上车后,一向沉默寡言的顾南山却先打破沉默:“恭喜。”
时斐一愣:“恭喜我什么?”
“我听我姐说,你自己组了队,叫WDF,还拿到了蒲城赛区冠军。”
时斐笑着点点头:“谢谢。”
顾南山又问:“你明明还在巅峰期,为什么要退役?”
时斐收起笑,故作深沉,“巅峰隐退,你不觉得会让人一直念念不忘?”
顾南山:“……”
时斐却笑出声。
过一会儿,顾南山又问:“你是怎么平衡学习和游戏的?”
“每天给自己定一个目标,完成了可以打两个小时游戏。”
“高考前也打吗?”
“打。”
“你高考考了多少分?”
“我保送。”
顾南山:“……”
车走到顾南山家楼下,时斐减速停了下来,顾南山打开车门,又回头问他:“我可以去你的基地看看吗?”
“随时欢迎,等会儿我把地址发给你。”
“嗯。”顾南山点点头,开门下车。
就在这时,一辆法拉利跑车停在了POLO前面,顾悠然从副驾驶下来,她看了一眼顾南山,便冲到POLO车边,双手撑着车窗,沉声质问时斐:“你和南山说了什么?”
“鼓励他好好学习。”
顾悠然似信非信,“真的?”
“不信你问他。”
顾悠然又打量了他一会儿,见他毫无心虚的表现,才起身,并往旁边退了一步。时斐换挡从她旁边过去,经过法拉利时,挑衅似得狠狠踩了一脚油门。
顾悠然当时就呵呵了,一个小POLO牛成这样?
时爷爷住的是独立小院子,院子两侧是二老种的蔬菜。法拉利跟在POLO后面停在院门口,西装革履的温修远下了车。

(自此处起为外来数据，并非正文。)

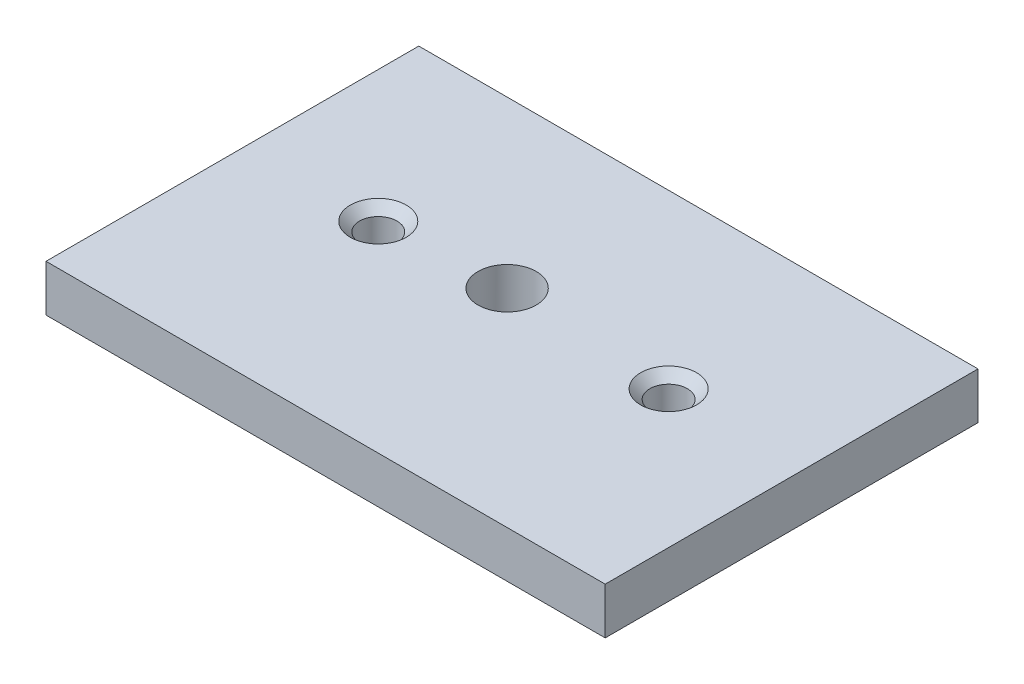
SolidWorks part; units mm, degrees
material "6061 Alloy"
ref_plane "Front Plane" through (0, 0, 0) normal (0, 0, 1) x (1, 0, 0)
ref_plane "Top Plane" through (0, 0, 0) normal (0, 1, 0) x (1, 0, 0)
ref_plane "Right Plane" through (0, 0, 0) normal (1, 0, 0) x (0, 0, -1)
sketch "Sketch1" plane through (0, 0, 0) normal (0, 1, 0) x (1, 0, 0)
  line L1 (0, 0) -> (76.2, 0)
  line L2 (0, 0) -> (0, 50.8)
  line L3 (0, 50.8) -> (76.2, 50.8)
  line L4 (76.2, 0) -> (76.2, 50.8)
  dimension "D1" = 50.8
  dimension "D2" = 76.2
extrude "Boss-Extrude1" add sketch "Sketch1" along normal blind 6.35
hole_wizard "1/4-20 Tapped Hole1" positions "Sketch2" profile "Sketch3" tap size "1/4-20" standard "ANSI Inch" end condition through all
sketch "Sketch2" plane through (0, 6.35, 0) normal (0, 1, 0) x (1, 0, 0)
  point P0 (17.9055, 27.3723)
  point P2 (57.4702, 27.3723)
sketch "Sketch3" plane through (17.9055, 6.35, -27.3723) normal (1, 0, 0) x (0, 0, 1)
  line L0 (0, 0) -> (0, 6.35)
  line L1 (0, 6.35) -> (2.5527, 6.35)
  line L2 (2.5527, 6.35) -> (2.5527, 1.2573)
  line L3 (2.5527, 1.2573) -> (3.81, 0)
  line L5 (3.81, 0) -> (0, 0)
  line L6 (-2.5527, 1.2573) -> (-3.81, 0) construction
  line L11 (0, -6.35) -> (0, 107.95) construction
  dimension "Thru Tap Drill Dia." = 5.1054
  dimension "Thru Tap Drill Depth" = 6.35
  dimension "Near C'Sink Dia." = 7.62
  dimension "Near C'Sink Angle" = 90
cosmetic thread "Hole Thread1" parameters "D2"=6.35
cosmetic thread "Hole Thread2" parameters "D2"=6.35
hole_wizard "3/8-16 Tapped Hole1" positions "Sketch6" profile "Sketch7" tap size "3/8-16" standard "ANSI Inch" end condition up to next
sketch "Sketch6" plane through (0, 6.35, 0) normal (0, 1, 0) x (1, 0, 0)
  point P0 (34.5998, 28.2343)
sketch "Sketch7" plane through (34.5998, 6.35, -28.2343) normal (1, 0, 0) x (0, 0, 1)
  line L0 (0, 0) -> (0, 6.35)
  line L1 (0, 6.35) -> (3.9687, 6.35)
  line L2 (3.9687, 6.35) -> (3.9687, 0)
  line L5 (3.9687, 0) -> (0, 0)
  line L11 (0, -6.35) -> (0, 107.95) construction
  dimension "Thru Tap Drill Dia." = 7.9375
  dimension "Thru Tap Drill Depth" = 6.35
cosmetic thread "Hole Thread3" parameters "D2"=9.525

时斐和温修远一起走进院子,时斐吊儿郎当的甩着车钥匙:“说真的,你真的不打算投资我吗?我的队伍刚成立一个月就拿到了浦城赛区冠军,潜力无限。”
温修远莞尔一笑:“恭喜你,但是我不打算改变主意。”
时斐低声嘟囔了一句。
温修远:“你说什么?”
“我说,今天你对我爱答不理,明天我让你高攀不起。”
温修远:“……”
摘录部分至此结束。